### AIM OF THE EXERCISE
Reproduce, from the lines below, exactly the stretch that begins at the line containing "light_lamp.transmission_factor = 0.0" and ends at the line containing "me_cube = bpy.data.meshes.new('Cube')", both included.

*** MATERIAL FOR THIS TASK Section Begins ***

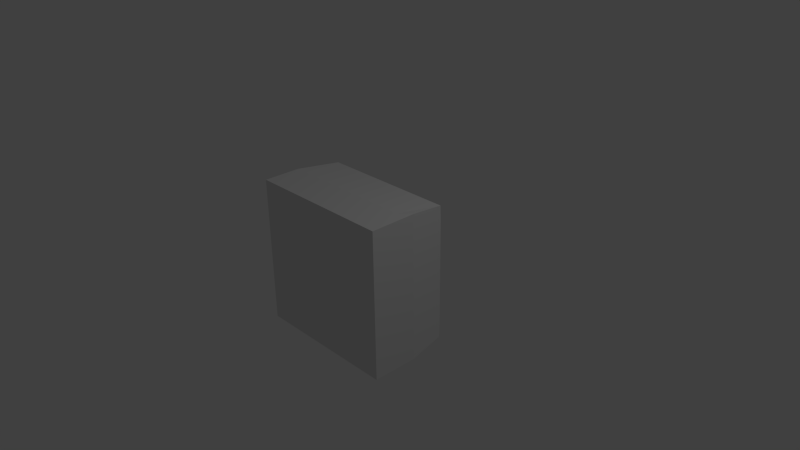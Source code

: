 # Source: Cube.blend  (saved by Blender 2.74.0; exported with 4.5.12 LTS)
import bpy
from mathutils import Matrix  # noqa: F401  (used for matrix-valued properties, if any)

bpy.ops.wm.read_factory_settings(use_empty=True)
scene = bpy.context.scene
scene.name = 'Scene'

# ---- collections
col_collection_1 = bpy.data.collections.new('Collection 1'); scene.collection.children.link(col_collection_1)

# ---- materials (node trees are filled in below, after node groups)
mat_material = bpy.data.materials.new('Material')
mat_material.alpha_threshold = 0.0
mat_material.use_transparent_shadow = False
mat_material.roughness = 0.5
mat_material.line_color = (0.0, 0.0, 0.0, 1.0)

# ---- material node trees

# ---- world
world_world = bpy.data.worlds.new('World'); scene.world = world_world
world_world.color = (0.05088, 0.05088, 0.05088)
world_world.use_sun_shadow = False
world_world.sun_shadow_jitter_overblur = 0.0
world_world.cycles.sampling_method = 'MANUAL'
world_world.cycles.sample_map_resolution = 256

# ---- cameras
cam_camera = bpy.data.cameras.new('Camera')
cam_camera.clip_end = 100.0
cam_camera.lens = 35.0
cam_camera.sensor_width = 32.0
cam_camera.sensor_height = 18.0
cam_camera.ortho_scale = 7.314
cam_camera.dof.focus_distance = 0.0
cam_camera.dof.aperture_fstop = 128.0

# ---- lights
light_lamp = bpy.data.lights.new('Lamp', 'POINT')
light_lamp.transmission_factor = 0.0
light_lamp.cutoff_distance = 30.0
light_lamp.energy = 100.0
light_lamp.shadow_buffer_clip_start = 1.001
light_lamp.shadow_soft_size = 0.1
light_lamp.shadow_maximum_resolution = 0.006
light_lamp.use_absolute_resolution = True
light_lamp.cycles.use_multiple_importance_sampling = False

# ---- meshes
me_cube = bpy.data.meshes.new('Cube')
me_cube.from_pydata([(0.8894, 0.2959, -0.2919), (1.0, -0.8784, -1.0), (-1.0, -0.8784, -1.0), (-0.8894, 0.2959, -0.2919), (0.8894, 0.2959, 0.2919), (1.0, -0.8784, 1.0), (-1.0, -0.8784, 1.0), (-0.8894, 0.2959, 0.2919), (0.813, 0.2959, -0.2836), (0.6775, 0.2959, -0.2836), (0.542, 0.2959, -0.2836), (0.4065, 0.2959, -0.2836), (0.271, 0.2959, -0.2836), (0.1355, 0.2959, -0.2836), (1.762e-07, 0.2959, -0.2836), (-0.1355, 0.2959, -0.2836), (-0.285, 0.2959, -0.2836), (-0.4065, 0.2959, -0.2836), (-0.542, 0.2959, -0.2836), (-0.6775, 0.2959, -0.2836), (-0.813, 0.2959, -0.2836), (0.8571, -0.8784, -1.0), (0.7143, -0.8784, -1.0), (0.5714, -0.8784, -1.0), (0.4286, -0.8784, -1.0), (0.2857, -0.8784, -1.0), (0.1429, -0.8784, -1.0), (0.0, -0.8784, -1.0), (-0.1429, -0.8784, -1.0), (-0.2857, -0.8784, -1.0), (-0.4286, -0.8784, -1.0), (-0.5714, -0.8784, -1.0), (-0.7143, -0.8784, -1.0), (-0.8571, -0.8784, -1.0), (0.813, 0.2959, 0.2836), (0.6775, 0.2959, 0.2836), (0.542, 0.2959, 0.2836), (0.4065, 0.2959, 0.2836), (0.271, 0.2959, 0.2836), (0.1355, 0.2959, 0.2836), (2.892e-07, 0.2959, 0.2836), (-0.1355, 0.2959, 0.2836), (-0.271, 0.2959, 0.2836), (-0.4065, 0.2959, 0.2836), (-0.542, 0.2959, 0.2836), (-0.6775, 0.2959, 0.2836), (-0.813, 0.2959, 0.2836), (0.8571, -0.8784, 1.0), (0.7143, -0.8784, 1.0), (0.5714, -0.8784, 1.0), (0.4286, -0.8784, 1.0), (0.2857, -0.8784, 1.0), (0.1429, -0.8784, 1.0), (-4.768e-07, -0.8784, 1.0), (-0.1429, -0.8784, 1.0), (-0.2857, -0.8784, 1.0), (-0.4286, -0.8784, 1.0), (-0.5714, -0.8784, 1.0), (-0.7143, -0.8784, 1.0), (-0.8571, -0.8784, 1.0), (0.9485, 0.2442, -0.9258), (-0.9485, 0.2442, -0.9258), (0.9485, 0.2442, 0.9259), (-0.9485, 0.2442, 0.9259), (0.813, 0.2442, 0.9259), (0.6775, 0.2442, 0.9259), (0.542, 0.2442, 0.9259), (0.4065, 0.2442, 0.9259), (0.271, 0.2442, 0.9259), (0.1355, 0.2442, 0.9259), (-1.065e-07, 0.2442, 0.9259), (-0.1355, 0.2442, 0.9259), (-0.271, 0.2442, 0.9259), (-0.4065, 0.2442, 0.9259), (-0.542, 0.2442, 0.9259), (-0.6775, 0.2442, 0.9259), (-0.813, 0.2442, 0.9259), (0.813, 0.2442, -0.9258), (0.6775, 0.2442, -0.9258), (0.542, 0.2442, -0.9258), (0.4065, 0.2442, -0.9258), (0.271, 0.2442, -0.9258), (0.1355, 0.2442, -0.9258), (1.196e-07, 0.2442, -0.9258), (-0.1355, 0.2442, -0.9258), (-0.271, 0.2442, -0.9258), (-0.4065, 0.2442, -0.9258), (-0.542, 0.2442, -0.9258), (-0.6775, 0.2442, -0.9258), (-0.813, 0.2442, -0.9258), (-0.9162, 0.2782, -0.7213), (-0.9162, 0.2782, 0.7213), (0.813, 0.2782, -0.7213), (0.6775, 0.2782, -0.7213), (0.542, 0.2782, -0.7213), (0.4065, 0.2782, -0.7213), (0.271, 0.2782, -0.7213), (0.1355, 0.2782, -0.7213), (1.196e-07, 0.2782, -0.7213), (-0.1355, 0.2782, -0.7213), (-0.271, 0.2782, -0.7213), (-0.4065, 0.2782, -0.7213), (-0.542, 0.2782, -0.7213), (-0.6775, 0.2782, -0.7213), (-0.813, 0.2782, -0.7213), (0.9231, 0.2782, -0.7213), (0.9231, 0.2782, 0.7213), (0.813, 0.2782, 0.7213), (0.6775, 0.2782, 0.7213), (0.542, 0.2782, 0.7213), (0.4065, 0.2782, 0.7213), (0.271, 0.2782, 0.7213), (0.1355, 0.2782, 0.7213), (1.196e-07, 0.2782, 0.7213), (-0.1355, 0.2782, 0.7213), (-0.271, 0.2782, 0.7213), (-0.4065, 0.2782, 0.7213), (-0.542, 0.2782, 0.7213), (-0.6775, 0.2782, 0.7213), (-0.813, 0.2782, 0.7213), (1.0, -0.2558, -1.0), (1.0, -0.2558, 1.0), (0.8571, -0.3784, 1.0), (0.7143, -0.3784, 1.0), (0.5714, -0.3784, 1.0), (0.4286, -0.3784, 1.0), (0.2857, -0.3784, 1.0), (0.1429, -0.3784, 1.0), (-2.98e-07, -0.3784, 1.0), (-0.1429, -0.3784, 1.0), (-0.2857, -0.3784, 1.0), (-0.4286, -0.3784, 1.0), (-0.5714, -0.3784, 1.0), (-0.7143, -0.3784, 1.0), (-0.8571, -0.3784, 1.0), (-1.0, -0.3784, -1.0), (-1.0, -0.3784, 1.0), (0.8571, -0.2558, -1.0), (0.7143, -0.3784, -1.0), (0.5714, -0.3784, -1.0), (0.4286, -0.3784, -1.0), (0.2857, -0.3784, -1.0), (0.1429, -0.3784, -1.0), (5.96e-08, -0.3784, -1.0), (-0.1429, -0.3784, -1.0), (-0.2857, -0.3784, -1.0), (-0.4286, -0.3784, -1.0), (-0.5714, -0.3784, -1.0), (-0.7143, -0.3784, -1.0), (-0.8571, -0.3784, -1.0)], [], [(149, 33, 2, 135), (134, 136, 6, 59), (120, 121, 5, 1), (33, 59, 6, 2), (90, 91, 7, 3), (46, 20, 3, 7), (4, 0, 8, 34), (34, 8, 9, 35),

*** MATERIAL FOR THIS TASK Section Ends ***

### RESPONSE TO THE EXERCISE
light_lamp.transmission_factor = 0.0
light_lamp.cutoff_distance = 30.0
light_lamp.energy = 100.0
light_lamp.shadow_buffer_clip_start = 1.001
light_lamp.shadow_soft_size = 0.1
light_lamp.shadow_maximum_resolution = 0.006
light_lamp.use_absolute_resolution = True
light_lamp.cycles.use_multiple_importance_sampling = False

# ---- meshes
me_cube = bpy.data.meshes.new('Cube')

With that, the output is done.